William Gurdon Saltonstall himself went to Exeter, and was the tenth generation Saltonstall at Harvard, where he earned five varsity letters in crew, hockey and football. He joined Exeter in 1932 to teach history, and after World War II, in which he saw combat aboard the carrier Bunker Hill, returned as chairman of the history department. In 1946 he was so popular that hundreds of boys marched through the rain to cheer his appointment as Exeter's ninth principal. "Call me Salty." said he when the cheermakers stumbled over his name, and so they have ever since.

Salty's wife, five children and inevitable golden retriever are all part of his headmasterly charm. A daily fixture on the playing fields of Exeter, he is famous for scrimmaging with the football team, skating with the hockey team, coaching the crew from his single shell on the Squamscott River. An avid sailor, he races off Cape Cod in his ancestrally named yawl Arbella. He may have slowed down a bit since 1961, when a flying hockey puck almost blinded one of his eyes, but he still plays tennis and beats 90% of the faculty.
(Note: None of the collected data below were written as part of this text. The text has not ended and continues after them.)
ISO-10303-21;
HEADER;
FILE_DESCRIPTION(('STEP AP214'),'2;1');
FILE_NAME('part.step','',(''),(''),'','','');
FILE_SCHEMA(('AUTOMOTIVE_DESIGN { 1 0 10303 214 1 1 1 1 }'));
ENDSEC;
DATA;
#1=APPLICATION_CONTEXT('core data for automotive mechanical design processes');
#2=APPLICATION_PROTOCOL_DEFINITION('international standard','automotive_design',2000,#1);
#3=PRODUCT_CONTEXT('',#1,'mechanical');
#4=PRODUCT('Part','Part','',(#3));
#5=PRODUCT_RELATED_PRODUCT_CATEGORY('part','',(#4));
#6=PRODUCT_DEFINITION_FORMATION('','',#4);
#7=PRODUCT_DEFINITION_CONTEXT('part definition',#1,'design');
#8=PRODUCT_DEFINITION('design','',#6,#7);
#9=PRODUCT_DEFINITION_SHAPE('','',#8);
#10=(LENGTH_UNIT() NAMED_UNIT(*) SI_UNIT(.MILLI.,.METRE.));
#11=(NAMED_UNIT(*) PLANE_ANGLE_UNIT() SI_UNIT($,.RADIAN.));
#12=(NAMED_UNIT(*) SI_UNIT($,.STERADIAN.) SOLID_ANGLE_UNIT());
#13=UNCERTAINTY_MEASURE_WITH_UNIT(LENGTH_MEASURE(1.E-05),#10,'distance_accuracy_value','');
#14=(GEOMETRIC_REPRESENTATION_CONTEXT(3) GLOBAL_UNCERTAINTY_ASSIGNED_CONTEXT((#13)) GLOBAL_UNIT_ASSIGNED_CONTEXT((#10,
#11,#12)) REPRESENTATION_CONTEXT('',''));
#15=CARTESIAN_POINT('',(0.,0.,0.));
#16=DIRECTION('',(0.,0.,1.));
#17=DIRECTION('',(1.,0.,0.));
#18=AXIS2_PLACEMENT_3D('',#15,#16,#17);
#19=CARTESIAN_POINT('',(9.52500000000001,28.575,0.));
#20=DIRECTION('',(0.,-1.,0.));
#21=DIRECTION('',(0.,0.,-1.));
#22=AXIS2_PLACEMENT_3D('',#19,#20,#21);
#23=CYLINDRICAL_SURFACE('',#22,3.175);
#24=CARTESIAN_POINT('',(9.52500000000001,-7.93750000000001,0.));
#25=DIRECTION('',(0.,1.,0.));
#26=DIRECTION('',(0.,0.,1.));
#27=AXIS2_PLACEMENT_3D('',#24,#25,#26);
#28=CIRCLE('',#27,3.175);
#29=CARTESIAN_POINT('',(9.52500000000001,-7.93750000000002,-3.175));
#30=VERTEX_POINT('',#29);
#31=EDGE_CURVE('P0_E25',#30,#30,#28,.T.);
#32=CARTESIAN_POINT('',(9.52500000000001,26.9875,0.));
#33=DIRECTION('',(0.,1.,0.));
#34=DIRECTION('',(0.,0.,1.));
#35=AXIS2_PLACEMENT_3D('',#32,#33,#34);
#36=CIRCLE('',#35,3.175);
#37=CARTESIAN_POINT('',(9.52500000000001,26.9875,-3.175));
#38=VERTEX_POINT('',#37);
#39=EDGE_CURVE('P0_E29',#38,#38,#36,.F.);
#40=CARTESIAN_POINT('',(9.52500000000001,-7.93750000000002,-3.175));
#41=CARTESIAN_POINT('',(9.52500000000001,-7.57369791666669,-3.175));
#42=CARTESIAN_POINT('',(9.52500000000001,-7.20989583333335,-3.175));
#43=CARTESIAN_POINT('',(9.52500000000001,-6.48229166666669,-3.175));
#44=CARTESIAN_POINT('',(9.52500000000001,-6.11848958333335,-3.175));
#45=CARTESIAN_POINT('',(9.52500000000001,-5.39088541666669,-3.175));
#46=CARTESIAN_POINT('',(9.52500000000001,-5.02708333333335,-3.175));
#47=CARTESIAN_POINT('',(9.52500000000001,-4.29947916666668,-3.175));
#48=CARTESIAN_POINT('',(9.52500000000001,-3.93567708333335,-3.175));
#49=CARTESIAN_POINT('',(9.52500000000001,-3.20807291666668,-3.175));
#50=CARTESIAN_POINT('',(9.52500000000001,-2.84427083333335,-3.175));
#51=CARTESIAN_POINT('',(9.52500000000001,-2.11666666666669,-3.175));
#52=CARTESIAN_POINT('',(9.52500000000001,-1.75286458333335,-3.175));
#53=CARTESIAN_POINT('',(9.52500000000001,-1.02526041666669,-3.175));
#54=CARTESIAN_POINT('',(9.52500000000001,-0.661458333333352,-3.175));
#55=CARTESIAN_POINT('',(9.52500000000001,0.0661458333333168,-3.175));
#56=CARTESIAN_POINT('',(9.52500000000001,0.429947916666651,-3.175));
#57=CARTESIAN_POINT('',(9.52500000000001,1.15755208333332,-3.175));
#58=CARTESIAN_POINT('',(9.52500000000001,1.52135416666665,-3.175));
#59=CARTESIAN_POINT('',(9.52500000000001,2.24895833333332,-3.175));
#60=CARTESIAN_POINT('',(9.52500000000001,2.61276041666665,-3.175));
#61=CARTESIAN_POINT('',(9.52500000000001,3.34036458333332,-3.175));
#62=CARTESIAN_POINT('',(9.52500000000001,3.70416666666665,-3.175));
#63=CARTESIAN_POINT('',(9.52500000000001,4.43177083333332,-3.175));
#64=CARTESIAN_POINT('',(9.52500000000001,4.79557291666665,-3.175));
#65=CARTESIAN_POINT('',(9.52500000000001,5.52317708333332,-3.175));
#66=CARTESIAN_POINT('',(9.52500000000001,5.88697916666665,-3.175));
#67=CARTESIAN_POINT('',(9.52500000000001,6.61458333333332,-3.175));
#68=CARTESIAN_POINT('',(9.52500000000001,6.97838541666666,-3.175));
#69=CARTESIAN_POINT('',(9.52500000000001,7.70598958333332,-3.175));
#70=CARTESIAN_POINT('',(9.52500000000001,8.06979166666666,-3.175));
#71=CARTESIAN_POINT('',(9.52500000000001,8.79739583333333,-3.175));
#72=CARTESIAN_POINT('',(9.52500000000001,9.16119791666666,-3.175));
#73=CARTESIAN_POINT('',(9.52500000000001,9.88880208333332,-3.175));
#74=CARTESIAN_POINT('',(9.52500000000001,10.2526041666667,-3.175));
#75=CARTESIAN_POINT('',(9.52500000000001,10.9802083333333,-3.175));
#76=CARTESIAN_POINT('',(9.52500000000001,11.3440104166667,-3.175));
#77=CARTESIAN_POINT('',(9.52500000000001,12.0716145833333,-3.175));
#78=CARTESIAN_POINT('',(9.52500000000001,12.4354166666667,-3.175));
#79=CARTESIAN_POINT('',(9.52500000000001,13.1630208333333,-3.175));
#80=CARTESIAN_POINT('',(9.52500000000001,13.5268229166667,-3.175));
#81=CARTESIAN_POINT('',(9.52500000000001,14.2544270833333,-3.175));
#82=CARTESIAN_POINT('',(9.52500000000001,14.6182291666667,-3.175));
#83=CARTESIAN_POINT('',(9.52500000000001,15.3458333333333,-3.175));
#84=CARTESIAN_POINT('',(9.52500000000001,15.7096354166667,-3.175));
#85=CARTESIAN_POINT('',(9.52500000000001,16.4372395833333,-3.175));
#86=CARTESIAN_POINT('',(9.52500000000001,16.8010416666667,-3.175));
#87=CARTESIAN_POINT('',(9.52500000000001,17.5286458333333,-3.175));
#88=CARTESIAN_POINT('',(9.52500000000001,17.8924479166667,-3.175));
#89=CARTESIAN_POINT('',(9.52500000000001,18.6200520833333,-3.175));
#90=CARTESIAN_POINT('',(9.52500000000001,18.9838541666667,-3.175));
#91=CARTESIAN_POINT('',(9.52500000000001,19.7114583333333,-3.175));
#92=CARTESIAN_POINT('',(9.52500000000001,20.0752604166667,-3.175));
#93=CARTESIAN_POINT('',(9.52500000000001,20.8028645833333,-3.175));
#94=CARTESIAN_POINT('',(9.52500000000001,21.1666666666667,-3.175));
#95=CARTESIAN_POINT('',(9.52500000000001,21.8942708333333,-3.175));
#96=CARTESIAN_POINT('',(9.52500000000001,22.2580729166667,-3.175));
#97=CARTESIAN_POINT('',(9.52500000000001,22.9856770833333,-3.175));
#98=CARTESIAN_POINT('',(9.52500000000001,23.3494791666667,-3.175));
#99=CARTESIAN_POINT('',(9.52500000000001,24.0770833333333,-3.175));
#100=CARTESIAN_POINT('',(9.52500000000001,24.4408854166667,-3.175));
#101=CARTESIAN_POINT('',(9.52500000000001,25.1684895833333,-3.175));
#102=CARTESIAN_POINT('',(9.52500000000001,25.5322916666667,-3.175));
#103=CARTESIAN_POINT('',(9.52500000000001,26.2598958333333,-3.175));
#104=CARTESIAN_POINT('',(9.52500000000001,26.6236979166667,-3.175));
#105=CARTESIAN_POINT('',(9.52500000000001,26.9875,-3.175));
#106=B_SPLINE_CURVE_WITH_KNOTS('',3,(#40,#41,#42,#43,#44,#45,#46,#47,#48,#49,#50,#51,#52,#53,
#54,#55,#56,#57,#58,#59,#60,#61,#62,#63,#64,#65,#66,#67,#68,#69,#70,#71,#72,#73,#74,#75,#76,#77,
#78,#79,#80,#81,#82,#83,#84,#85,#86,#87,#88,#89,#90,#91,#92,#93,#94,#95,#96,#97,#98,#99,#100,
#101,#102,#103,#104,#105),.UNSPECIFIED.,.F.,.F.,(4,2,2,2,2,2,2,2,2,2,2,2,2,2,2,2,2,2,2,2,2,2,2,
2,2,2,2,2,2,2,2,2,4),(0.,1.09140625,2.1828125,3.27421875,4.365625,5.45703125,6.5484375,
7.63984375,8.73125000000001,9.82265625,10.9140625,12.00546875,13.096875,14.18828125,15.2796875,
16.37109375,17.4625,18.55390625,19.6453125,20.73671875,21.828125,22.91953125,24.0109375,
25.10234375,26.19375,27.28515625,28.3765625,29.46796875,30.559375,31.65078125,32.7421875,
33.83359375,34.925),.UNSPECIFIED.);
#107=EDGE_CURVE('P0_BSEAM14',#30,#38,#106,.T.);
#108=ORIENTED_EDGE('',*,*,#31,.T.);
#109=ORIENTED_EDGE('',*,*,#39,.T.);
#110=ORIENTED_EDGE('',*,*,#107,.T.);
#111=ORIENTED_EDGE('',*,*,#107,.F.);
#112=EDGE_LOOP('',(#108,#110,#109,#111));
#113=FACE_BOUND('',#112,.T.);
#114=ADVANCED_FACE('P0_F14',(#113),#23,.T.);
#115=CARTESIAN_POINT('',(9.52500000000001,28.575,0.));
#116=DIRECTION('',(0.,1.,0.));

Academically, Saltonstall lets the faculty win. Given complete autonomy, Exeter's departments produce strong minds and pioneering ventures; the current faculty has more than 20 textbooks to its credit. On the other hand. Saltonstall suffers the fate of "democratic" administrators: criticism for being indecisive. In contrast to Andover, its aggressive rival. Exeter has raised only one new building in 30 years. But it is a place of such impeccable teaching that last fall it got 73 National Merit Scholarship finalists, more than any other U.S. school.